Consider the decay of a free neutron at rest: $n \rightarrow p + e^-$. Show that the two-body decay of this type must necessarily give an electron of fixed energy and,therefore,cannot account for the observed continuous energy distribution in the $\beta$-decay of a neutron or a nucleus.

(N/A) For a two-body decay of a free neutron at rest $(n \rightarrow p + e^-)$,the conservation of energy and momentum must hold.
Let $M_n$,$M_p$,and $m_e$ be the masses of the neutron,proton,and electron,respectively.
From the conservation of energy: $M_n c^2 = E_p + E_e$,where $E_p$ and $E_e$ are the total energies of the proton and electron.
From the conservation of momentum: $\vec{p}_p + \vec{p}_e = 0$,which implies $|\vec{p}_p| = |\vec{p}_e| = p$.
Using the relativistic energy-momentum relation $E^2 = p^2 c^2 + m^2 c^4$,we have $E_p^2 = p^2 c^2 + M_p^2 c^4$ and $E_e^2 = p^2 c^2 + m_e^2 c^4$.
Substituting $p^2 c^2 = E_e^2 - m_e^2 c^4$ into the proton energy equation: $E_p = \sqrt{E_e^2 - m_e^2 c^4 + M_p^2 c^4}$.
Substituting this into the energy conservation equation: $M_n c^2 = E_e + \sqrt{E_e^2 - m_e^2 c^4 + M_p^2 c^4}$.
Rearranging and solving for $E_e$ shows that $E_e$ is uniquely determined by the masses of the particles involved,meaning the electron must have a fixed (discrete) energy.

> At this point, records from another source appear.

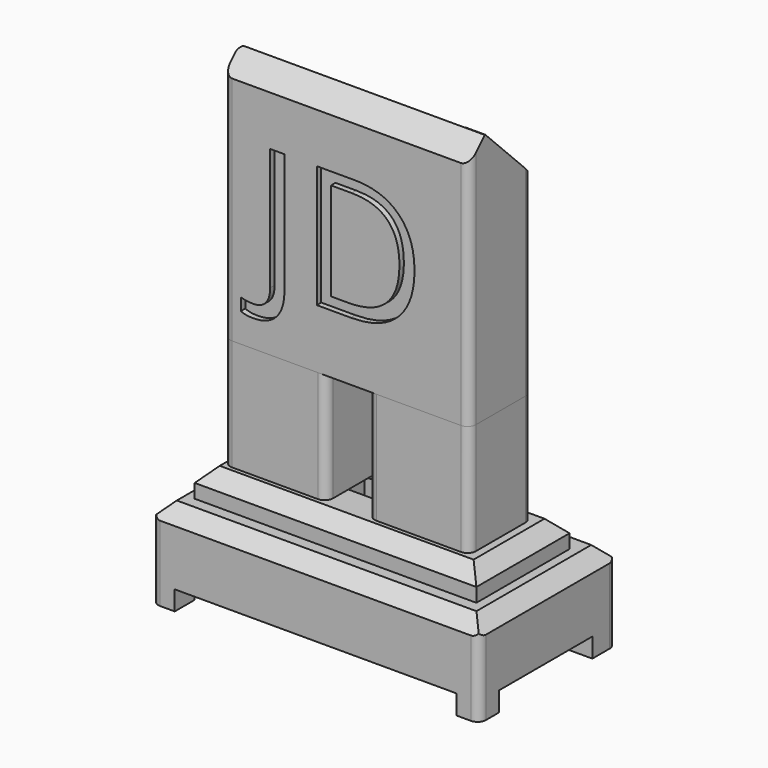
from build123d import *

# Parameters (mm, degrees)
F0_W          = 67.1
F0_H          = 7.1
F1_DEPTH      = 138.3
F2_W          = 88.2
F2_H          = 28.2
F2_W_2        = 74.2
F2_H_2        = 14.2
F3_DEPTH      = 50
F4_W          = 36.8519453004
F4_H          = 28.2
F5_DEPTH      = 40
F4_W_2        = 36.3480546996
F6_W          = 101.2075915933
F6_H          = 41.8235324323
F7_DEPTH      = 10
F8_W          = 18.1213915348
F8_H          = 8.8705555536
F9_DEPTH      = 25
F10_W         = 117.6467612386
F10_H         = 61.5334026515
F10_W_2       = 101.2075915933
F10_H_2       = 41.8235324323
F11_DEPTH     = 25
F12_W         = 7
F12_H         = 21.2
F13_DEPTH     = 40
F14_SIZE      = 21
F15_SIZE      = 7
F16_R         = 3
F17_R         = 3
F18_R         = 3
F18_2_R       = 3
F19_R         = 3
F19_2_R       = 3
F20_R         = 3
F20_2_R       = 3
F21_SIZE      = 5
F22_SIZE      = 5
F23_SIZE      = 5
F24_SIZE      = 5
F25_SIZE      = 5
F26_SIZE      = 5
F27_SIZE      = 5
F28_R         = 3
F28_2_R       = 3
F29_R         = 2
F30_R         = 2
F31_R         = 2
F32_W         = 8.2512535155
F32_H         = 8.9678335935
F32_H_2       = 10.7420366257
F32_W_2       = 8.1879161298
F33_DEPTH     = 7
F34_R         = 3
F36_TEXT_SIZE = 61.5635550477
F37_DEPTH     = 2


# Not quite as in the source:
# - Text() gives the source's letters only with a copy of the font that has no kerning and outlines rounded to 1/6400 em; it was checked with that copy


with BuildPart() as f1:
    # F0 (on Top) → F1 (new body)
    with BuildSketch(Plane.XY):
        with Locations((-0.3188236151, -0.3930132923)):
            Rectangle(F0_W, F0_H)
    extrude(amount=F1_DEPTH)


with BuildPart() as f3:
    # F2 (on Top) → F3 (new body)
    with BuildSketch(Plane.XY):
        with Locations((-0.368696662, -0.4890732596)):
            Rectangle(F2_W, F2_H)
        with Locations((-0.368696662, -0.4890732596)):
            Rectangle(F2_W_2, F2_H_2, mode=Mode.SUBTRACT)
    extrude(amount=F3_DEPTH)

    # F12 (on face) → F13 (join)
    with BuildSketch(Plane.XY.offset(50)):
        Polygon((36.731303338, -7.5890732596), (-44.468696662, -7.5890732596), (-44.468696662, -14.5890732596), (43.731303338, -14.5890732596), (43.731303338, -7.5890732596), align=None)
        with Locations((40.231303338, 3.0109267404)):
            Rectangle(F12_W, F12_H)
    extrude(amount=F13_DEPTH)

    # F14
    f14_edges = [f3.edges().sort_by_distance(p)[0] for p in [
        (40.231303, 13.610927, 90),
    ]]
    chamfer(f14_edges, length=F14_SIZE)

    # F15
    f15_edges = [f3.edges().sort_by_distance(p)[0] for p in [
        (-0.368697, -14.589073, 90),
    ]]
    chamfer(f15_edges, length=F15_SIZE)

    # F16
    f16_edges = [f3.edges().sort_by_distance(p)[0] for p in [
        (-44.468697, 13.610927, 25),
    ]]
    fillet(f16_edges, radius=F16_R)

    # F17
    f17_edges = [f3.edges().sort_by_distance(p)[0] for p in [
        (43.731303, 13.610927, 34.5),
    ]]
    fillet(f17_edges, radius=F17_R)

    # F19
    f19_edges = [f3.edges().sort_by_distance(p)[0] for p in [
        (43.731303, -14.589073, 41.5),
    ]]
    fillet(f19_edges, radius=F19_R)

    # F20
    f20_edges = [f3.edges().sort_by_distance(p)[0] for p in [
        (-44.468697, -14.589073, 41.5),
    ]]
    fillet(f20_edges, radius=F20_R)

    # F29
    f29_edges = [f3.edges().sort_by_distance(p)[0] for p in [
        (-2.368697, 13.610927, 50),
    ]]
    fillet(f29_edges, radius=F29_R)

    # F30
    f30_edges = [f3.edges().sort_by_distance(p)[0] for p in [
        (-44.468697, -7.589073, 70),
    ]]
    fillet(f30_edges, radius=F30_R)

    # F31
    f31_edges = [f3.edges().sort_by_distance(p)[0] for p in [
        (36.731303, 13.610927, 59.5),
    ]]
    fillet(f31_edges, radius=F31_R)

    # F36 (on face) → F37 (cut)
    with BuildSketch(Plane.XZ.offset(14.5890732596)):
        with Locations((-33.5190668702, 21.2174449116)):
            Text('JD', F36_TEXT_SIZE, font='Open Sans', text_align=(TextAlign.LEFT, TextAlign.BOTTOM))
    extrude(amount=-F37_DEPTH, mode=Mode.SUBTRACT)


with BuildPart() as f5:
    # F4 (on face) → F5 (new body)
    with BuildSketch(Plane(origin=(0, 0, 0), x_dir=(1, 0, 0), z_dir=(0, 0, -1))):
        with Locations((-26.0427240118, 0.4890732596)):
            Rectangle(F4_W, F4_H)
    extrude(amount=F5_DEPTH)

    # F18
    f18_edges = [f5.edges().sort_by_distance(p)[0] for p in [
        (-44.468697, 13.610927, -20),
    ]]
    fillet(f18_edges, radius=F18_R)

    # F20#2
    f20_2_edges = [f5.edges().sort_by_distance(p)[0] for p in [
        (-44.468697, -14.589073, -20),
    ]]
    fillet(f20_2_edges, radius=F20_2_R)

    # F28
    f28_edges = [f5.edges().sort_by_distance(p)[0] for p in [
        (-7.616751, 13.610927, -20),
        (-7.616751, -14.589073, -20),
    ]]
    fillet(f28_edges, radius=F28_R)


with BuildPart() as f5b:
    # F4 (on face) → F5, piece 2 (new body)
    with BuildSketch(Plane(origin=(0, 0, 0), x_dir=(1, 0, 0), z_dir=(0, 0, -1))):
        with Locations((25.5572759882, 0.4890732596)):
            Rectangle(F4_W_2, F4_H)
    extrude(amount=F5_DEPTH)

    # F18#2
    f18_2_edges = [f5b.edges().sort_by_distance(p)[0] for p in [
        (43.731303, 13.610927, -20),
    ]]
    fillet(f18_2_edges, radius=F18_2_R)

    # F19#2
    f19_2_edges = [f5b.edges().sort_by_distance(p)[0] for p in [
        (43.731303, -14.589073, -20),
    ]]
    fillet(f19_2_edges, radius=F19_2_R)

    # F28#2
    f28_2_edges = [f5b.edges().sort_by_distance(p)[0] for p in [
        (7.383249, -14.589073, -20),
        (7.383249, 13.610927, -20),
    ]]
    fillet(f28_2_edges, radius=F28_2_R)


with BuildPart() as f7:
    # F6 (on face) → F7 (new body)
    with BuildSketch(Plane(origin=(0, 0, -40), x_dir=(1, 0, 0), z_dir=(0, 0, -1))):
        with Locations((0.8287318051, 0.0900365412)):
            Rectangle(F6_W, F6_H)
    extrude(amount=F7_DEPTH)

    # F8 (on face) → F9 (cut)
    with BuildSketch(Plane(origin=(0, 0, -50), x_dir=(1, 0, 0), z_dir=(0, 0, -1))):
        with Locations((0.1267595217, 0.251886202)):
            Rectangle(F8_W, F8_H)
    extrude(amount=-F9_DEPTH, mode=Mode.SUBTRACT)

    # F21
    f21_edges = [f7.edges().sort_by_distance(p)[0] for p in [
        (0.828732, 20.82173, -40),
    ]]
    chamfer(f21_edges, length=F21_SIZE)

    # F22
    f22_edges = [f7.edges().sort_by_distance(p)[0] for p in [
        (-49.775064, -2.590037, -40),
    ]]
    chamfer(f22_edges, length=F22_SIZE)

    # F23
    f23_edges = [f7.edges().sort_by_distance(p)[0] for p in [
        (51.432528, -2.590037, -40),
    ]]
    chamfer(f23_edges, length=F23_SIZE)

    # F24
    f24_edges = [f7.edges().sort_by_distance(p)[0] for p in [
        (0.828732, -21.001803, -40),
    ]]
    chamfer(f24_edges, length=F24_SIZE)


with BuildPart() as f11:
    # F10 (on face) → F11 (new body)
    with BuildSketch(Plane(origin=(0, 0, -50), x_dir=(1, 0, 0), z_dir=(0, 0, -1))):
        with Locations((0.7970631123, -0.7970649749)):
            Rectangle(F10_W, F10_H)
        with Locations((0.8287318051, 0.0900365412)):
            Rectangle(F10_W_2, F10_H_2, mode=Mode.SUBTRACT)
    extrude(amount=F11_DEPTH)

    # F25
    f25_edges = [f11.edges().sort_by_distance(p)[0] for p in [
        (0.797063, 31.563766, -50),
    ]]
    chamfer(f25_edges, length=F25_SIZE)

    # F26
    f26_edges = [f11.edges().sort_by_distance(p)[0] for p in [
        (59.620444, -1.702935, -50),
        (0.797063, -29.969636, -50),
    ]]
    chamfer(f26_edges, length=F26_SIZE)

    # F27
    f27_edges = [f11.edges().sort_by_distance(p)[0] for p in [
        (-58.026318, 0.797065, -50),
    ]]
    chamfer(f27_edges, length=F27_SIZE)

    # F32 (on face) → F33 (join)
    with BuildSketch(Plane(origin=(0, 0, -75), x_dir=(1, 0, 0), z_dir=(0, 0, -1))):
        with Locations((-53.9006907493, 25.4857195541)):
            Rectangle(F32_W, F32_H)
        with Locations((-53.9006907493, -26.1927479878)):
            Rectangle(F32_W, F32_H_2)
        with Locations((55.5264856666, 25.4857195541)):
            Rectangle(F32_W_2, F32_H)
        with Locations((55.5264856666, -26.1927479878)):
            Rectangle(F32_W_2, F32_H_2)
    extrude(amount=F33_DEPTH)

    # F34
    f34_edges = [f11.edges().sort_by_distance(p)[0] for p in [
        (-58.026318, 31.563766, -68.5),
        (-58.026318, -29.969636, -68.5),
        (59.620444, 31.563766, -68.5),
        (59.620444, -29.969636, -68.5),
    ]]
    fillet(f34_edges, radius=F34_R)


solid = Compound([f3.part, f5.part, f5b.part, f7.part, f11.part])

Since the observed $\beta$-decay spectrum is continuous,this two-body model is insufficient. The actual decay is a three-body process: $n \rightarrow p + e^- + \bar{\nu}_e$,where the antineutrino carries away the remaining energy,allowing the electron to have a continuous range of energies.